• **THE PROBLEM**
Line count for "instrumentlib": say how many lines of the data contain it, with no other text.

Dataset records:

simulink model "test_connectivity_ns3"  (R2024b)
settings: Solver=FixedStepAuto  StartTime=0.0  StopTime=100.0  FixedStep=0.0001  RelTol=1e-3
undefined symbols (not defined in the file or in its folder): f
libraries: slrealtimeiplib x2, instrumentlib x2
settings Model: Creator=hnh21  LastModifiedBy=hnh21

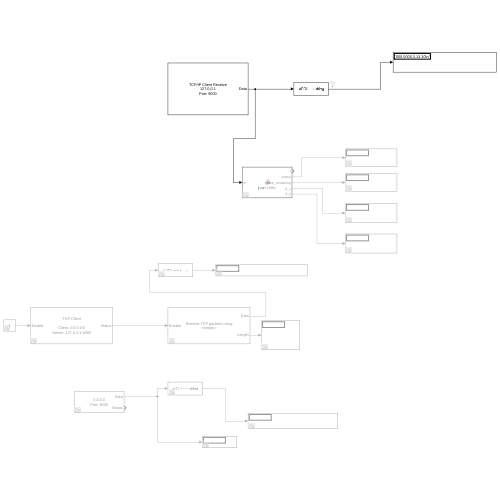
[thumbnail: Simulink's stored preview of the top-level diagram]
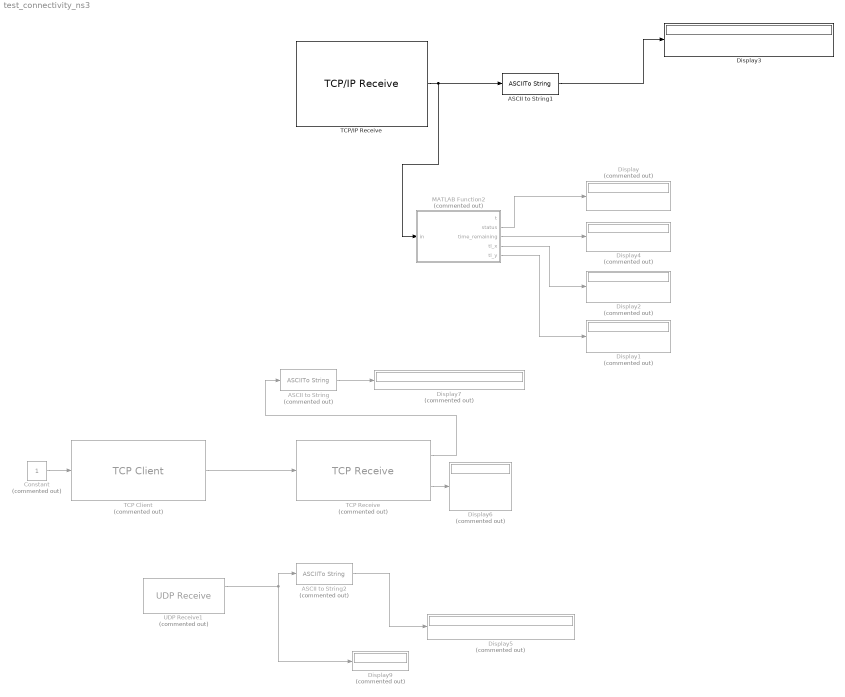
== system test_connectivity_ns3 ==
  ASCII to String : ASCIIToString  Commented=on
  ASCII to String1 : ASCIIToString
  ASCII to String2 : ASCIIToString  Commented=on
  Constant : Constant  Commented=on
  Display{,1..2,4..7,9} (8 alike) : Display  Commented=on
  Display3 : Display
  MATLAB Function2 : MATLAB Function  Commented=on  TreatAsAtomicUnit=on
  TCP Client : slrealtimeiplib/TCP Client  Priority=-1  Commented=on  useHostTargetConn=off  remoteAddress=127.0.0.1  remotePort=9000
  TCP Receive : slrealtimeiplib/TCP Receive  Commented=on  socketAddPortVal=<empty>  rcvWidth=38  sampleTime=0.0001
  TCP/IP Receive : instrumentlib/TCP//IP Receive  Host=127.0.0.1  Port=9000  DataSize=17  DataType=uint8  ASCIIFormatting=%f  Terminator=LF  CustomTerminator=10  ByteOrder=big-endian  EnableBlockingMode=on  Timeout=0.5  SampleTime=0.001  SimulateUsing=Interpreted execution
  UDP Receive1 : instrumentlib/UDP Receive  Commented=on  LocalAddress=0.0.0.0  LocalPort=9000  EnablePortSharing=off  Host=127.0.0.1  Port=9000  GetLatestData=off  DataSize=38  DataType=uint8  ASCIIFormatting=%f,  Terminator=LF  CustomTerminator=10  ByteOrder=big-endian  EnableBlockingMode=off  Timeout=1  SampleTime=0.0001  SimulateUsing=Interpreted execution
  wires:
  TCP/IP Receive/1 -> MATLAB Function2/1(in), ASCII to String1/1
  ASCII to String1/1 -> Display3/1
  MATLAB Function2/5(tl_y) -> Display1/1
  MATLAB Function2/4(tl_x) -> Display2/1
  MATLAB Function2/2(status) -> Display/1
  MATLAB Function2/3(time_remaining) -> Display4/1
  TCP Client/1 -> TCP Receive/1
  TCP Receive/1 -> ASCII to String/1
  TCP Receive/2 -> Display6/1
  Constant/1 -> TCP Client/1
  ASCII to String/1 -> Display7/1
  UDP Receive1/1 -> Display9/1, ASCII to String2/1
  ASCII to String2/1 -> Display5/1

== matlab function test_connectivity_ns3/MATLAB Function2 ==
  data: in input; t output; status output; time_remaining output; tl_x output; tl_y output
function [t, status, time_remaining, tl_x, tl_y] = parseMsg(in)
%#codegen

% Define max buffer size
MAX_LEN = 256;

% Persistent buffer and index
persistent buffer idx

if isempty(buffer)
    buffer = zeros(1, MAX_LEN, 'uint8');  % uint8 buffer
    idx = 0;
end

% Initialize outputs
t = 0.0;
status = 0;
time_remaining = 0.0;
tl_x = 0.0;
tl_y = 0.0;

% Process input
for i = 1:length(in)
    b = uint8(in(i));

    if idx < MAX_LEN
        idx = idx + 1;
        buffer(idx) = b;
    end

    if b == 10  % newline
        line = char(buffer(1:idx-1));  % remove newline
        tokens = sscanf(line, '%f,%d,%f,%f,%f');  % read first 5 fields
        if numel(tokens) >= 5
            t = tokens(1);
            status = tokens(2);
            time_remaining = tokens(3);
            tl_x = tokens(4);
            tl_y = tokens(5);
        end
        idx = 0;  % reset buffer
    end
end

• **ANSWER TO THIS TASK**
3